Ada berbagai jenis tarif pajak dan setiap jenis pajak pun memiliki nilai tarif
pajak yang berbeda-beda. Dasar pengenaan pajak merupakan nilai dalam bentuk
uang yang dijadikan dasar untuk menghitung pajak terutang.

Secara struktural, tarif pajak dibagi menjadi 4 jenis, antara lain:


1. Tarif Progresif (a progressive tax rate).
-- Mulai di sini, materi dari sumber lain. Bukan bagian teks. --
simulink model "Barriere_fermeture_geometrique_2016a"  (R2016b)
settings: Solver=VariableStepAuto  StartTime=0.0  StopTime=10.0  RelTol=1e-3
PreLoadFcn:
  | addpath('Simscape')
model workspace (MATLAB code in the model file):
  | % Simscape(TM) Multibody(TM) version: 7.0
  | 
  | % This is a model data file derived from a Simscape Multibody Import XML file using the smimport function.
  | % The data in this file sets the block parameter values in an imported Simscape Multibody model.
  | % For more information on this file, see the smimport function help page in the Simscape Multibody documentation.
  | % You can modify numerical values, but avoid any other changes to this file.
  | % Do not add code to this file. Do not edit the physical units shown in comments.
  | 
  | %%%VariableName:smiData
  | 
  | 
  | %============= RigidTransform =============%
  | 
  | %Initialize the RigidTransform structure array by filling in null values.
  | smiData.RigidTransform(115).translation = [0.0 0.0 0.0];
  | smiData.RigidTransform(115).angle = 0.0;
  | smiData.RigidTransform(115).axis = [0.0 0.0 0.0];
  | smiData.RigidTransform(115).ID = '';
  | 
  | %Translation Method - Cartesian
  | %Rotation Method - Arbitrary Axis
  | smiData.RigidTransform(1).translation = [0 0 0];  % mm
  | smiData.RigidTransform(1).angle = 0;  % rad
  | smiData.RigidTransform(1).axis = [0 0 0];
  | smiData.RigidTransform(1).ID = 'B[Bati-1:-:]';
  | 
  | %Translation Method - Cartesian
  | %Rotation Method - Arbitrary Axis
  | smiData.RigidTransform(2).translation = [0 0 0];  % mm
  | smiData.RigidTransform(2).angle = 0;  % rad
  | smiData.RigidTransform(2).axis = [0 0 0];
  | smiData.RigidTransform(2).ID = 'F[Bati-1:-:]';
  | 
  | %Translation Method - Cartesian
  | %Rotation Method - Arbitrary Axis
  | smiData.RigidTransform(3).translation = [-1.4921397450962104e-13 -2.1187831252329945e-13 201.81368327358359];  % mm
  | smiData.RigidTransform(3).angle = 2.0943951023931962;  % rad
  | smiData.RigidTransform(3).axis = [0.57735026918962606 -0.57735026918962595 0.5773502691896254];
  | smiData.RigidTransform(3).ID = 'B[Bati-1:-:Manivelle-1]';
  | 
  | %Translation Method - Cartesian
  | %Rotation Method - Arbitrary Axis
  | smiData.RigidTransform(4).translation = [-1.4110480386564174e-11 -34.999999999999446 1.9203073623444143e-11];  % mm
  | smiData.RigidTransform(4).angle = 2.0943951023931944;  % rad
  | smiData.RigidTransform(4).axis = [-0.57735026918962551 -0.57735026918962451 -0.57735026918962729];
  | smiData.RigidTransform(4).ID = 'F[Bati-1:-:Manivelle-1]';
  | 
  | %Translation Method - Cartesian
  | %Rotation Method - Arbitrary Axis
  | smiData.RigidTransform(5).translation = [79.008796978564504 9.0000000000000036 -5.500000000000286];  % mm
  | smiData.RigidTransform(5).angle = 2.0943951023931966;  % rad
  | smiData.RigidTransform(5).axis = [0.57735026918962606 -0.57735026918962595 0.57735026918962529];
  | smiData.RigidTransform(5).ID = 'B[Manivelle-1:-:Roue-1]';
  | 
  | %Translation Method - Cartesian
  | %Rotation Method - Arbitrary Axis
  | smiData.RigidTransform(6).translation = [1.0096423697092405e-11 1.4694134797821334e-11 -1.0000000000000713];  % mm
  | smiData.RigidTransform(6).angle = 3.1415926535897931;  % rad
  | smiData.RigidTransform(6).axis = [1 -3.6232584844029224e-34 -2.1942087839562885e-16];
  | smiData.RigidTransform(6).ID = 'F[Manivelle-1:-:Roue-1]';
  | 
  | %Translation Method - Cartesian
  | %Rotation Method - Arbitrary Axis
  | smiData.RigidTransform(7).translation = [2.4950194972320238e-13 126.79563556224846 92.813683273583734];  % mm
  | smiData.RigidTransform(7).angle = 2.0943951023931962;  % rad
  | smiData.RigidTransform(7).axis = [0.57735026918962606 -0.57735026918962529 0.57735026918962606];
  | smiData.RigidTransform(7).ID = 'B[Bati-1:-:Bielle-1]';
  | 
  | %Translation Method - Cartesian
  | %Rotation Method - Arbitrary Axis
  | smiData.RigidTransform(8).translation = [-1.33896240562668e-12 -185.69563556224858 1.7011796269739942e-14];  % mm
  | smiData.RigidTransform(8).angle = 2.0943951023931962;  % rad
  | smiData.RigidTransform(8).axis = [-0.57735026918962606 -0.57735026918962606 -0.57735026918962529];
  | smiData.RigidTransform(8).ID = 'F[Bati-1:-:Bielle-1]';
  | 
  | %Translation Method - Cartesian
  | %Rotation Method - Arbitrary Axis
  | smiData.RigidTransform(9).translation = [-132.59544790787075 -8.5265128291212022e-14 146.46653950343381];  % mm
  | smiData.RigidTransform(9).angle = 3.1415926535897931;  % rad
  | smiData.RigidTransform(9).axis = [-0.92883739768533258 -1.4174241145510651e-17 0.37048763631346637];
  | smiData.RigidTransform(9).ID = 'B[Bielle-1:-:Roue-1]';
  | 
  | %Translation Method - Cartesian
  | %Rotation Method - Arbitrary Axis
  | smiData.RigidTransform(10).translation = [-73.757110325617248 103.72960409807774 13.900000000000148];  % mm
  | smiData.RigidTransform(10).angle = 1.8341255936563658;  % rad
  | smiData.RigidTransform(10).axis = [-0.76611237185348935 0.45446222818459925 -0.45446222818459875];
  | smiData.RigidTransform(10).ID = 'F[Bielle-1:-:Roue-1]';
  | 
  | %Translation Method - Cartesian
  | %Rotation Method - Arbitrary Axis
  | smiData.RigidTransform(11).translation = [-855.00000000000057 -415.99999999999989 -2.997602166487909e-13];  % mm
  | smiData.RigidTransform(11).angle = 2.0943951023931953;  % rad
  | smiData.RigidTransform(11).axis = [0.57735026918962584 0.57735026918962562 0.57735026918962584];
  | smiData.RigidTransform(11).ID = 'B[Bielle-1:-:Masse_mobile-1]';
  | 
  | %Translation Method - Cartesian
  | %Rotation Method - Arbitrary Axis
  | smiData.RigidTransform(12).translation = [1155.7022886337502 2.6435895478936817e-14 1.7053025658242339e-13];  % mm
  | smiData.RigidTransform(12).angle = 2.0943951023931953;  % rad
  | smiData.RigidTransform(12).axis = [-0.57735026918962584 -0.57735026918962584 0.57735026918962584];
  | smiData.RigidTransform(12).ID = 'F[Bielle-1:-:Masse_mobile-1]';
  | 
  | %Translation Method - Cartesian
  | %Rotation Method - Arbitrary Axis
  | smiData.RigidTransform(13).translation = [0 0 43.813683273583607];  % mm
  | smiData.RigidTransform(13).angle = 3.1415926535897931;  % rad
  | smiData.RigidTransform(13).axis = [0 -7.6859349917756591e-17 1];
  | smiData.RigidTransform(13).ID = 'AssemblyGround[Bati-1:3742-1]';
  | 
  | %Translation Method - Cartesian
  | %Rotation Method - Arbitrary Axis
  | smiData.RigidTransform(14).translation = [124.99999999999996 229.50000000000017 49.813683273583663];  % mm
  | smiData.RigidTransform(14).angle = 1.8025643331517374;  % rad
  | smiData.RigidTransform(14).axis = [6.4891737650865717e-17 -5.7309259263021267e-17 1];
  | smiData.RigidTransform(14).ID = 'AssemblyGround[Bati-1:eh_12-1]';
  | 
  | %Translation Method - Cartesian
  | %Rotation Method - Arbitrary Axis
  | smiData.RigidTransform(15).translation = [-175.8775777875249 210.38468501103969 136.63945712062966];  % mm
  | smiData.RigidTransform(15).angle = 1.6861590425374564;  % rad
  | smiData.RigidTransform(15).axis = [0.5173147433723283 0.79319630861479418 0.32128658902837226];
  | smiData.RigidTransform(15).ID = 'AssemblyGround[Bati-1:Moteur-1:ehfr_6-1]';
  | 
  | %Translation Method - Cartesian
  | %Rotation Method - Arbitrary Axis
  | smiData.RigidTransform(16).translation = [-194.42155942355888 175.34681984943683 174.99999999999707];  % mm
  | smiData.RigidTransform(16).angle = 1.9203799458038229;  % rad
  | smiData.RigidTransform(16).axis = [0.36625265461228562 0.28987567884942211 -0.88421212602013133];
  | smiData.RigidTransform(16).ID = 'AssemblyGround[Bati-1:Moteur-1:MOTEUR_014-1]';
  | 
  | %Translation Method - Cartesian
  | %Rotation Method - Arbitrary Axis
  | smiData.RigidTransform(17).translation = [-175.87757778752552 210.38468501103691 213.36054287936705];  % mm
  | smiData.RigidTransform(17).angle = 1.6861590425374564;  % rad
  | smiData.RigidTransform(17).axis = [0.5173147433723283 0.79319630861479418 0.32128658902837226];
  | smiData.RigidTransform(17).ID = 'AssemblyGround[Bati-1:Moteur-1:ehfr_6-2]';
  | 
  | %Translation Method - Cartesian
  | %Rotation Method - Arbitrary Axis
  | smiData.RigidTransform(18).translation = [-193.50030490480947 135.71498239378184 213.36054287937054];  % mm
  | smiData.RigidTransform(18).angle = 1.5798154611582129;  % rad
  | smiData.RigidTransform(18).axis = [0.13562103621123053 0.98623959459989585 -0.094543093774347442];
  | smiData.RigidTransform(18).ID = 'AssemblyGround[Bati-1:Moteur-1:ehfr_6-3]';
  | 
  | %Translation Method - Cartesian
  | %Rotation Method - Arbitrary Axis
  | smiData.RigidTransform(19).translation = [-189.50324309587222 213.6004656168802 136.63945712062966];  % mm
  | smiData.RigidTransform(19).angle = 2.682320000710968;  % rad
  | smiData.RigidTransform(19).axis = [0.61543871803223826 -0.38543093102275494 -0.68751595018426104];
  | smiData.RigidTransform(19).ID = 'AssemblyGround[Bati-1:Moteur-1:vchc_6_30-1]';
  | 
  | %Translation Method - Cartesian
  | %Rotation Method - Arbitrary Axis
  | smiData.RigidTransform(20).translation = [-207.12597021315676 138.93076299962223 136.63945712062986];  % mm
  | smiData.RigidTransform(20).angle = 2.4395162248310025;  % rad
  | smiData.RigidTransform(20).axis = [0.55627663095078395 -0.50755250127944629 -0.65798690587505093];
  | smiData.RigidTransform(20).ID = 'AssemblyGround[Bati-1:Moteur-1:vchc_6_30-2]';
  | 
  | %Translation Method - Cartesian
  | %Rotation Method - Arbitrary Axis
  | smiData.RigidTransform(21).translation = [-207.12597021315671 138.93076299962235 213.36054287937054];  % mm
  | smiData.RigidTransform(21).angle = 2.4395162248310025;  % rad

Tarif pajak progresif merupakan tarif pungutan pajak yang mana
persentase akan naik sebanding dengan dasar pengenaan pajaknya. Di
Indonesia itu sendiri, tarif pajak progresif ini diterapkan untuk pajak
penghasilan (PPh) wajib pajak orang pribadi
2. Tarif Degresif (a degressive tax rate).
Tarif degresif ini kebalikan dari tarif progresif. Artinya, tarif pajak ini
merupakan tarif pajak yang persentasenya akan lebih kecil dari jumlah yang
dijadikan dasar pengenaan pajak tinggi. Atau, persentase tarif pajak akan
semakin rendah ketika dasar pengenaan pajaknya semakin meningkat.
Jadi, jika persentasenya semakin kecil, jumlah pajak terutang tidak ikut
mengecil. Melainkan bisa jadi lebih besar karena jumlah yang dijadikan dasar
pengenaan pajaknya semakin besar.
3. Tarif Proporsional (a proportional tax rate).
Tarif proporsional merupakan tarif yang persentasenya tetap meski terjadi
perubahan terhadap dasar pengenaan pajak. Jadi, seberapa pun jumlah objek
pajak, persentasenya akan tetap.
4. Tarif Tetap/regresif (a fixed tax rate).
Tarif tetap atau tarif pajak regresif adalah tarif pajak yang nominalnya
tetap tanpa memerhatikan jumlah yang dijadikan dasar pengenaan pajaknya.
Tarif tetap juga dapat diartikan sebagai tarif pajak yang akan selalu tetap
sesuai dengan peraturan yang telah diberlakukan.